People ex rel. Marteeny v. Henn, 199 Ill. App. 265 (1916)

April 17, 1916 · Illinois Appellate Court
199 Ill. App. 265

The People of the State of Illinois ex rel. Elijah H. Marteeny et al., Appellees, v. Martin Henn, Town Clerk, Appellant.

Roads and bridges, § 243 * —when petition for special election for return to old system of three highway commissioners may he made. Under the Roads and Bridges Act of 1913, art. 9, secs. 159, 166 [Cal. Ill. St. Supp. 1916, 1HÍ 10,000 (159), 10,000 (166)], where a town has adopted the system of one highway commissioner, a petition for a special election for a return to the old system of three highway commissioners may be made at any time, and it is not necessary that the period of three years referred to in the prior section expire, as such limitation refers only to a new election of a single highway commissioner.

Appeal from the Circuit Court of Jefferson county; the Hon. Charles H. Milleb, Judge, presiding. Heard in this court at the October term, 1915.

Affirmed.

Opinion filed April 17, 1916.

Gr. L. Orb and Conrad Schul, for appellant; William H. Green, of counsel.

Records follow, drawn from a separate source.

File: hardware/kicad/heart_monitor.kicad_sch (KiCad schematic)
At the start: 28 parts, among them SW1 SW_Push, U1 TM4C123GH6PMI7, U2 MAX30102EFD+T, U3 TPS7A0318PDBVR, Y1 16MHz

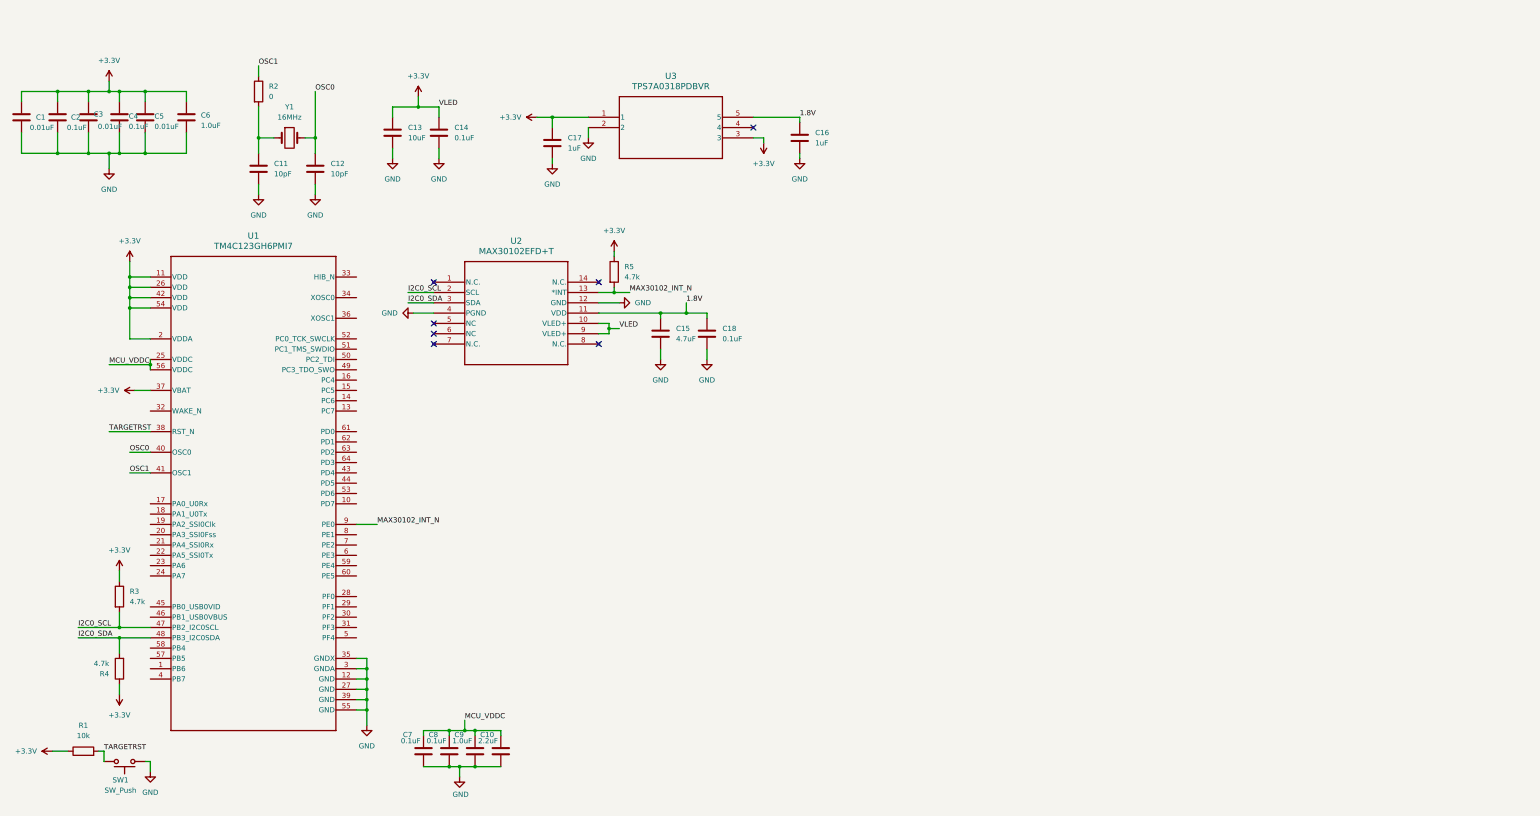
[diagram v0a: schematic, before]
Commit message: Add power, MAX30102, and SWD debug circuitry
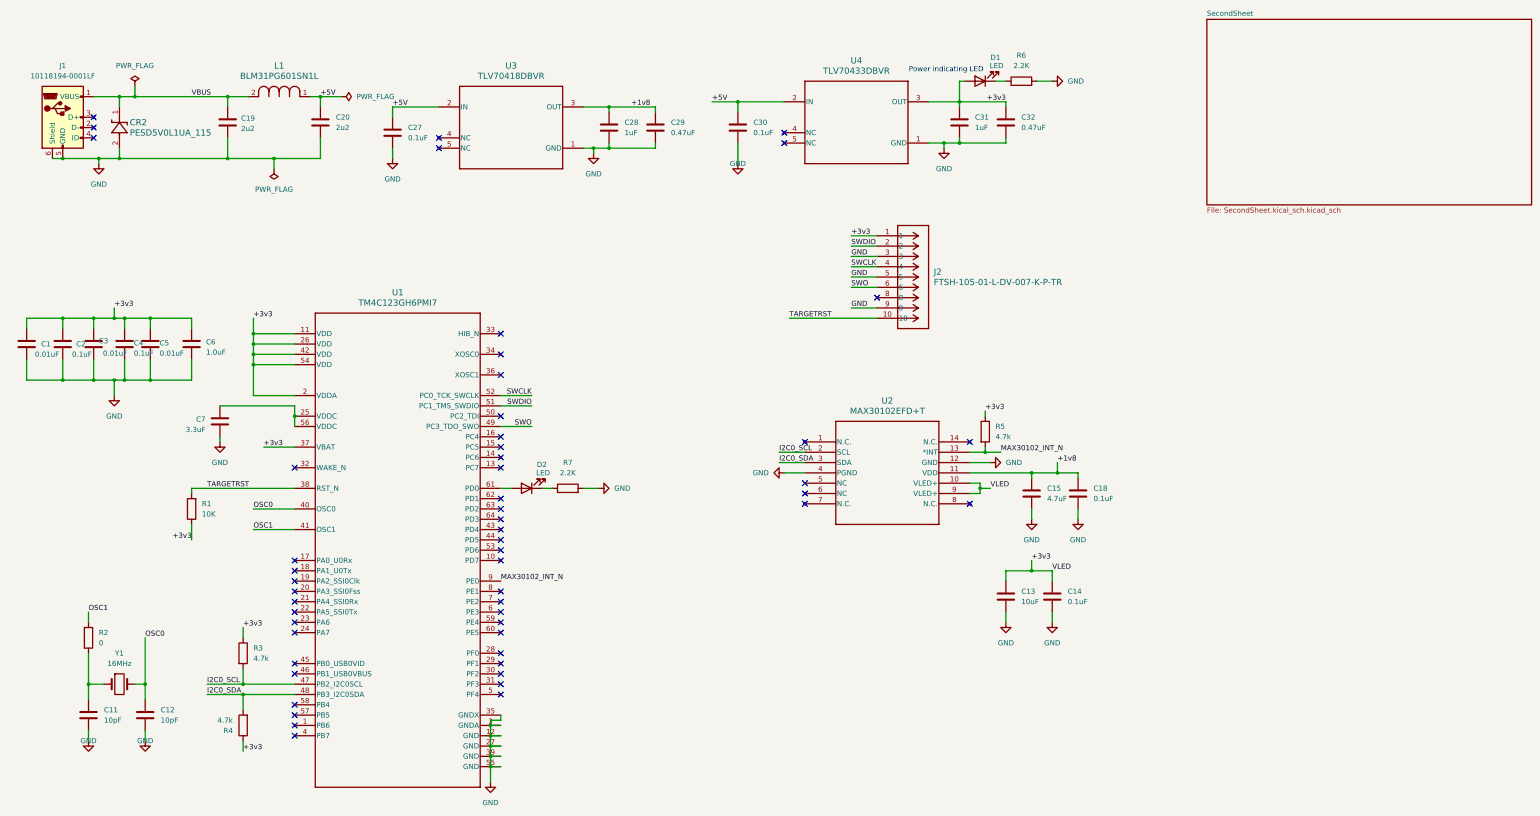
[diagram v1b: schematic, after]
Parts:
- removed C10: 2.2uF, symbol Device:C
- removed C16, C17: 1uF, symbol Device:C
- removed C8: 0.1uF, symbol Device:C
- removed C9: 1.0uF, symbol Device:C
- removed SW1: SW_Push, symbol Switch:SW_Push
- removed U3: TPS7A0318PDBVR, SOT23-5_DBV_TEX, symbol TPS7A:TPS7A0312PDBVR
- added C19, C20: 2u2, symbol Device:C
- added C27, C30: 0.1uF, symbol Device:C
- added C28, C31: 1uF, symbol Device:C
- added C29, C32: 0.47uF, symbol Device:C
- added CR2: PESD5V0L1UA_115, ZDO_SOD323_NEX, symbol 2026-08-09_18-03-51:PESD5V0L1UA_115
- added D1, D2: LED, LED_SMD:LED_0805_2012Metric, symbol Device:LED
- added J1: 10118194-0001LF, Connector_USB:USB_Micro-B_Amphenol_10118194-0001LF_Horizontal, symbol Connector:USB_B_Micro
- added J2: FTSH-105-01-L-DV-007-K-P-TR, CONN_FTSH-105-01-L-DV-007-K-P-TR_SAI, symbol 2026-08-09_19-17-37:FTSH-105-01-L-DV-007-K-P-TR
- added L1: BLM31PG601SN1L, IND_BLM31PG391SN1L_MUR, symbol 2026-08-09_18-00-03:BLM31PG601SN1L
- added R6, R7: 2.2K, symbol Device:R
- added U3: TLV70418DBVR, DBV0005A_N, symbol 2026-08-09_17-36-23:TLV70418DBVR
- added U4: TLV70433DBVR, DBV0005A_N, symbol 2026-08-09_17-34-23:TLV70433DBVR
- C7: value 0.1uF -> 3.3uF
- R1: value 10k -> 10K
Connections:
- net GND: now also C19.2, C20.2, C27.2, C28.2, C29.2, C30.2, C31.2, C32.2, CR2.2, J1.5 (GND), J1.6 (Shield), J2.3, J2.5, J2.9, R6.2, R7.2, U3.1 (GND), U4.1 (GND)
- net TARGETRST: now also J2.10
- net SWO: now reaches U1.49 (PC3_TDO_SWO)
- net SWO: now also J2.6
- net SWDIO: now reaches U1.51 (PC1_TMS_SWDIO)
- net SWDIO: now also J2.2
- net SWCLK: now reaches U1.52 (PC0_TCK_SWCLK)
- net SWCLK: now also J2.4
- net at U1.61 (PD0): now also D2.2 (A)
- net +3.3V renamed +3v3
- net +3v3: now also C31.1, C32.1, D1.2 (A), J2.1, U4.3 (OUT)
- net 1.8V renamed +1v8
- net +1v8: now also C28.1, C29.1, U3.3 (OUT)
- net MCU_VDDC: no longer names the net of C7.1, U1.25 (VDDC), U1.56 (VDDC)
- new net: D2.1 (K), R7.1
- new net: D1.1 (K), R6.1
- new net +5V: C20.1, C27.1, C30.1, L1.1, U3.2 (IN), U4.2 (IN)
- new net VBUS: C19.1, CR2.1, J1.1 (VBUS), L1.2
- no-connect marks 7 -> 54
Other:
- added sheet SecondSheet (SecondSheet.kical_sch.kicad_sch)
- note added: "Power indicating LED"
- moved on the sheet: C1, C11, C12, C13, C14, C15, C18, C2, C3, C4, C5, C6

Joel F. Watson, for appellees; G. Gale Gilbert and Egbert M. Farthing, of counsel.

Mr. Justice McBride

delivered the opinion of the court.

It appears from the record in this case that the county of Jefferson is under township organization, and that on March 3, 1914, the Town of Mt. Vernon in said county held an election and adopted the single highway commissioner system, as provided in article 9 of an Act entitled: “An Act to revise the law in relation to Eoads and Bridges,” approved June 27, 1913 [Cal. Ill. St. Supp. 1916, [¶] 10,000 (158) et seq.]; that at the annual town election held in said town in April, 1914, the voters thereof elected one highway commis*266sioner, as provided by said article. It further appears that thereafter and on about November 18, 1914, a petition addressed to Martin Henn, town clerk of the Town of Mt. Vernon, signed by more than two hundred persons alleging that they were legal voters of said town, requested said Henn to call a special election for the purpose of submitting to the electors of said town the proposition for withdrawing from the single highway commissioner system heretofore adopted, and returning to the general provisions of said act. This petition together with two others, containing one hundred persons alleging that they were legal voters, were filed with said town clerk on November 20, 1914, requesting such election to be called.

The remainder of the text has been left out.